OK. Next iteration finished and tested.  Not so good. The forming hole was a good idea until it comes time to put six #10 wires in there.  Took probably 5 minutes of poking and persuading the last two and I was working with convenient short pieces, not laying on my back under some junction box in Spider City.  It's problematic to hold six wires without damaging the insulation with this iteration.  I trimmed some insulation to 3/4" and some to 1", and the 1" worked much better, but that leads to trimming the twisted set.  Twos and fours were trivial to thread and twist but for some reason they are not neat looking like the previous ones. Hair cuts are good for interviews.  

And the setup for doing it.

The inexperienced is now experienced.  Done.





DanK


----------



## woodchucker (Feb 12, 2022)

Dan Krager said:


> This is not an original idea.  OK so I've never seen one made out of a bolt before...  LOL.    The holes are not parallel to each other nor the axis of the bolt.  They taper outward from where they enter the face of the bolt head to exit beneath the bolt head just outside the body of the bolt, an angle of perhaps 15° from the bolt axis.
> 
> Yes, I wondered just how close together the holes should enter the face. With no special pattern to go by, it was a guess that worked reasonably well until the ends slipped out of the holes leaving about a quarter inch of stragglers.  If I make another I'll reduce the entry circle diameter untill the wire holes almost overlap hoping that will possibly eliminate the need to trim the twisted wires.  A smaller chamfer would be used or eliminated to keep them from overlapping.
> 
> ...


I'm thinking more wasted stripped would help, not less. I think you just need that to get it started. Just my opinion..


----------



## tq60 (Feb 12, 2022)

I thought wire nuts are to go on straight not twisted wires?

Sent from my SM-G781V using Tapatalk


----------



## FOMOGO (Feb 12, 2022)

I have a similar deal for putting on wire nuts with a battery powered drill. Got it from my commercial elect. supply place. My arthritic hands really appreciate it. Always used the Kliens for wire twisting too. Mike


----------



## FOMOGO (Feb 12, 2022)

I use the pliers to get them close enough to get the wire nut started first. Mike



tq60 said:


> I thought wire nuts are to go on straight not twisted wires?


----------



## Dan Krager (Feb 13, 2022)

I don't know about code requirement details re twisting.  I've never read that twisting is beneficial or not.  A good twist secures all the wires in good contact before depending upon the nut to do so.

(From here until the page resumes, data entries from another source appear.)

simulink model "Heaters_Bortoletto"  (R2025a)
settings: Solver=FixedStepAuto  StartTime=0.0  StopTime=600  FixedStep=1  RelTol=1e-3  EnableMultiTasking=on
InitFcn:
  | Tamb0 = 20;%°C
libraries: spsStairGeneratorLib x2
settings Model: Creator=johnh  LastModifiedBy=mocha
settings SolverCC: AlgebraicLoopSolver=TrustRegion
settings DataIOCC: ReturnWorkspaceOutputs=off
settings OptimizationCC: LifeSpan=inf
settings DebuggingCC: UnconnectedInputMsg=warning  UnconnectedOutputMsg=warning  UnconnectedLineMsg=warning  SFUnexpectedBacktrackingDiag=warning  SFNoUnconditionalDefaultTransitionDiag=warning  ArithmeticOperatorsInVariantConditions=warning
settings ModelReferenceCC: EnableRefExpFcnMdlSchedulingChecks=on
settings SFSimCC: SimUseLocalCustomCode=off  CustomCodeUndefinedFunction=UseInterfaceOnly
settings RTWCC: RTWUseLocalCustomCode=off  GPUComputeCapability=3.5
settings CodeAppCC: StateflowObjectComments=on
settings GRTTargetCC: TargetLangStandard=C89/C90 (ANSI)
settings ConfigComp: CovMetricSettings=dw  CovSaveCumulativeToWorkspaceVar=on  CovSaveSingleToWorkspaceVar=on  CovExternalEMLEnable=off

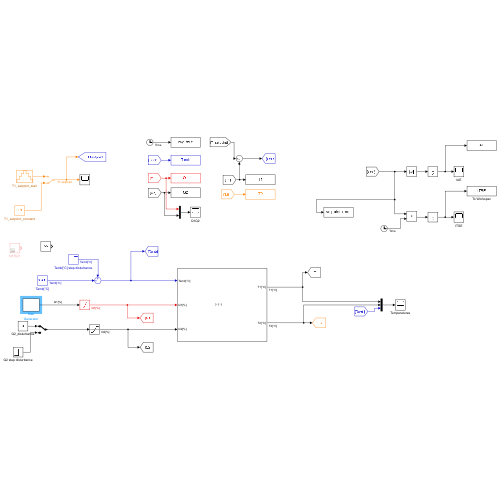
[thumbnail: Simulink's stored preview of the top-level diagram]
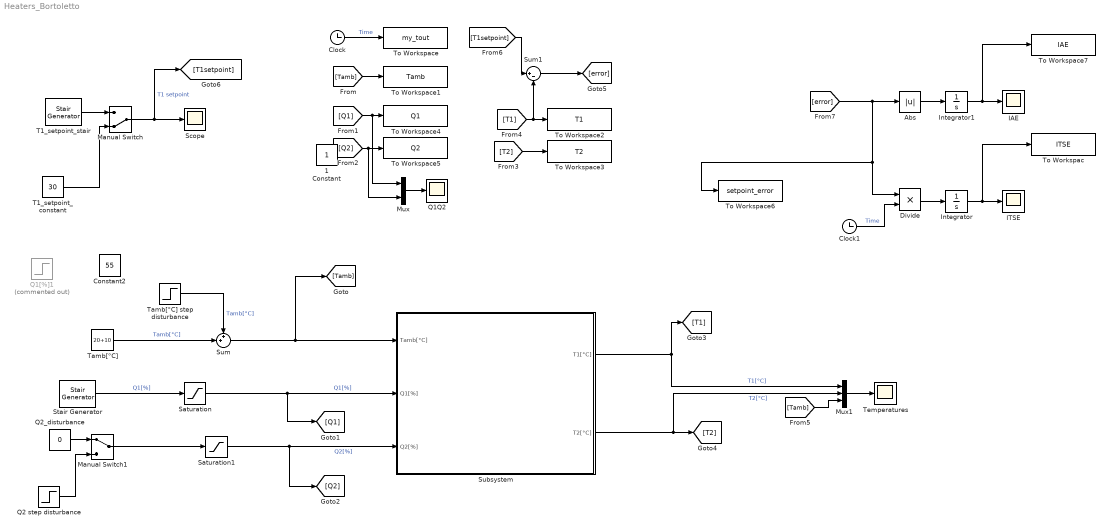
== system Heaters_Bortoletto ==
  Abs : Abs  SaturateOnIntegerOverflow=off
  Clock : Clock
  Clock1 : Clock
  Constant2 : Constant  Value=55
  Divide : Product  Inputs=**
  IAE : Scope
  ITSE : Scope
      settings: DataLoggingVariableName=ScopeData3
  Integrator : Integrator
  Integrator1 : Integrator
  Manual Switch : ManualSwitch  CurrentSetting=0
  Manual Switch1 : ManualSwitch
  Mux : Mux  Inputs=2
  Mux1 : Mux  Inputs=3
  Q1Q2 : Scope
      settings: ActiveDisplayYMinimum=-6.2499999999999982  ActiveDisplayYMaximum=56.25
  Q1[%]1 : Step  Commented=on  Time=0  After=80  SampleTime=0
  Q2 step disturbance : Step  Time=0  After=0  SampleTime=0
  Q2_disturbance : Constant  Value=0
  Saturation : Saturate  UpperLimit=100  LowerLimit=0
  Saturation1 : Saturate  UpperLimit=100  LowerLimit=0
  Scope : Scope
      settings: ActiveDisplayYMinimum=19.375  ActiveDisplayYMaximum=25.625  DataLoggingVariableName=ScopeData2
  Stair Generator : spsStairGeneratorLib/Stair Generator  t=[0, 300]  e=[50, 0]  Ts=0
  Subsystem : Subsystem
      mask Display: image('tclab.png');
  Sum : Sum  Inputs=++|
  Sum1 : Sum  Inputs=|+-
  T1_setpoint_constant : Constant  Value=30
  T1_setpoint_stair : spsStairGeneratorLib/Stair Generator  t=600*[0:8]  e=[20, 25, 30, 35, 40, 35, 30, 25, 20]  Ts=0
  Tamb[°C] : Constant  Value=20+10
  Tamb[°C] step disturbance : Step  Time=0  After=0  SampleTime=0
  Temperatures : Scope
      settings: ActiveDisplayYMinimum=2.8388394522749252  ActiveDisplayYMaximum=60.901685717525126
  To Workspac : ToWorkspace  VariableName=ITSE  SampleTime=-1
  To Workspace : ToWorkspace  VariableName=my_tout  SampleTime=-1
  To Workspace1 : ToWorkspace  VariableName=Tamb  SampleTime=-1
  To Workspace2 : ToWorkspace  VariableName=T1  SampleTime=-1
  To Workspace3 : ToWorkspace  VariableName=T2  SampleTime=-1
  To Workspace4 : ToWorkspace  VariableName=Q1  SampleTime=-1
  To Workspace5 : ToWorkspace  VariableName=Q2  SampleTime=-1
  To Workspace6 : ToWorkspace  VariableName=setpoint_error  SampleTime=-1
  To Workspace7 : ToWorkspace  VariableName=IAE  SampleTime=-1
  1 : Constant  IOType=siggen
  Constant : Constant  IOType=siggen
  wires:
  Subsystem/1(T1[°C]) -> Mux1/1, [T1]  "T1[°C]"
  Subsystem/2(T2[°C]) -> Mux1/2, [T2]  "T2[°C]"
  Saturation/1 -> Subsystem/2(Q1[%]), [Q1]  "Q1[%]"
  Saturation1/1 -> Subsystem/3(Q2[%]), [Q2]  "Q2[%]"
  Manual Switch1/1 -> Saturation1/1
  Tamb[°C]/1 -> Sum/2  "Tamb[°C]"
  Stair Generator/1 -> Saturation/1  "Q1[%]"
  Clock/1 -> To Workspace/1  "Time"
  [Tamb] -> To Workspace1/1
  [Q1] -> Mux/1, To Workspace4/1
  [Q2] -> Mux/2, To Workspace5/1
  [T2] -> To Workspace3/1
  [T1] -> Sum1/2, To Workspace2/1
  Mux1/1 -> Temperatures/1
  [Tamb] -> Mux1/3
  Mux/1 -> Q1Q2/1
  T1_setpoint_stair/1 -> Manual Switch/1
  T1_setpoint_constant/1 -> Manual Switch/2
  Manual Switch/1 -> [T1setpoint], Scope/1  "T1 setpoint"
  Divide/1 -> Integrator/1
  Clock1/1 -> Divide/2  "Time"
  Integrator/1 -> To Workspac/1, ITSE/1
  Q2_disturbance/1 -> Manual Switch1/1
  Q2 step disturbance/1 -> Manual Switch1/2
  Sum/1 -> Subsystem/1(Tamb[°C]), [Tamb]
  Tamb[°C] step disturbance/1 -> Sum/1  "Tamb[°C]"
  Abs/1 -> Integrator1/1
  Integrator1/1 -> To Workspace7/1, IAE/1
  [error] -> Divide/1, To Workspace6/1, Abs/1
  Sum1/1 -> [error]
  [T1setpoint] -> Sum1/1

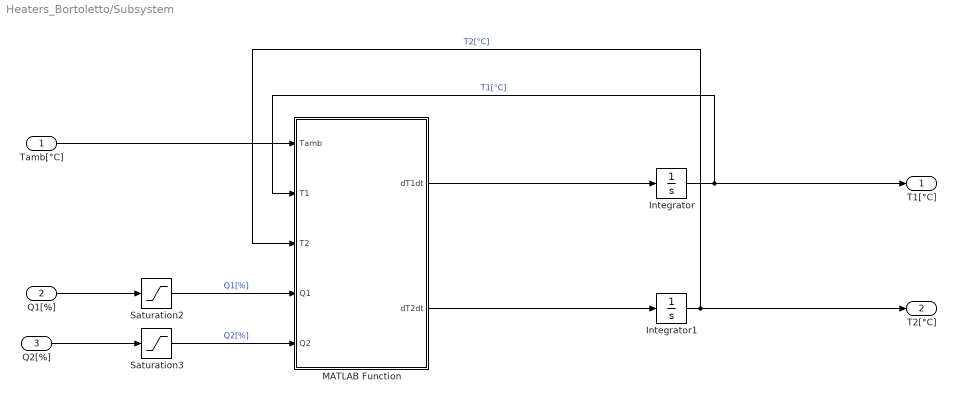
== system Heaters_Bortoletto/Subsystem ==
  Tamb[°C] : Inport
  Q1[%] : Inport  Port=2
  Q2[%] : Inport  Port=3
  Integrator : Integrator  InitialCondition=Tamb0
  Integrator1 : Integrator  InitialCondition=Tamb0
  MATLAB Function : MATLAB Function  TreatAsAtomicUnit=on
  Saturation2 : Saturate  UpperLimit=100  LowerLimit=0
  Saturation3 : Saturate  UpperLimit=100  LowerLimit=0
  T1[°C] : Outport
  T2[°C] : Outport  Port=2
  wires:
  Integrator1/1 -> T2[°C]/1, MATLAB Function/3(T2)  "T2[°C]"
  Integrator/1 -> T1[°C]/1, MATLAB Function/2(T1)  "T1[°C]"
  MATLAB Function/1(dT1dt) -> Integrator/1
  Saturation2/1 -> MATLAB Function/4(Q1)  "Q1[%]"
  Saturation3/1 -> MATLAB Function/5(Q2)  "Q2[%]"
  Q1[%]/1 -> Saturation2/1
  Q2[%]/1 -> Saturation3/1
  Tamb[°C]/1 -> MATLAB Function/1(Tamb)
  MATLAB Function/2(dT2dt) -> Integrator1/1

== matlab function Heaters_Bortoletto/Subsystem/MATLAB Function ==
  data: Tamb input; T1 input; dT1dt output; T2 input; Q1 input; Q2 input; dT2dt output
function [dT1dt, dT2dt] = arduino_ode(Tamb,T1,T2,Q1,Q2)
    % Parameters
    Ta = Tamb + 273.15;   % K
    U = 10.0;           % W/m^2-K
    m = 4.0/1000.0;     % kg
    Cp = 0.5 * 1000.0;  % J/kg-K    
    A = 10.0 / 100.0^2; % Area in m^2
    As = 2.0 / 100.0^2; % Area in m^2
    alpha1 = 0.0100;    % W / % heater 1
    alpha2 = 0.0075;    % W / % heater 2
    eps = 0.9;          % Emissivity
    sigma = 5.67e-8;    % Stefan-Boltzman

    % Temperature States 
    T1 = T1 + 273.15;   % K
    T2 = T2 + 273.15;   % K

    % Heat Transfer Exchange Between 1 and 2
    conv12 = sign(T2-T1)*U*As*(abs(T2-T1));
    rad12  = eps*sigma*As * (T2^4 - T1^4);

    % Nonlinear Energy Balances
    dT1dt = (1.0/(m*Cp))*(U*A*(Ta-T1) ...
            + eps * sigma * A * (Ta^4 - T1^4) ...
            + conv12 + rad12 ...
            + alpha1*Q1);
    dT2dt = (1.0/(m*Cp))*(U*A*(Ta-T2) ...
            + eps * sigma * A * (Ta^4 - T2^4) ...
            - conv12 - rad12 ...
            + alpha2*Q2);
end

And yes, wire nuts are designed to accommodate straight ends. In my wiring experience I've seldom twisted the wires first.  I have encountered loose wire nuts in other's work and sometimes it's hard to get the nut to secure ALL the wires in the bundle when more than 3 are involved. In those cases I always tug them to check if any doubt. 

And it's interesting that there is a device to screw on the wire nut.  That makes the most sense to me.

This was mostly an academic metal working experience for this old woodworker!  

DanK


----------



## Manual Mac (Feb 13, 2022)

The partner is always bringing me interesting small objects she finds while she walking.
i say put it on the side of the road where folks like to walk.
this would be something that would be hard not to bring home, then try to figure what it is.
possibly adjacent to where the truck axle & mystery objects were found.


----------



## Dan Krager (Feb 13, 2022)

LOVE IT.  Just might do that....

DanK


----------



## brino (Feb 16, 2022)

Manual Mac said:


> i say put it on the side of the road where folks like to walk.




....then maybe you'll see it pictured again here with a "What is it..." title!   

Brian


----------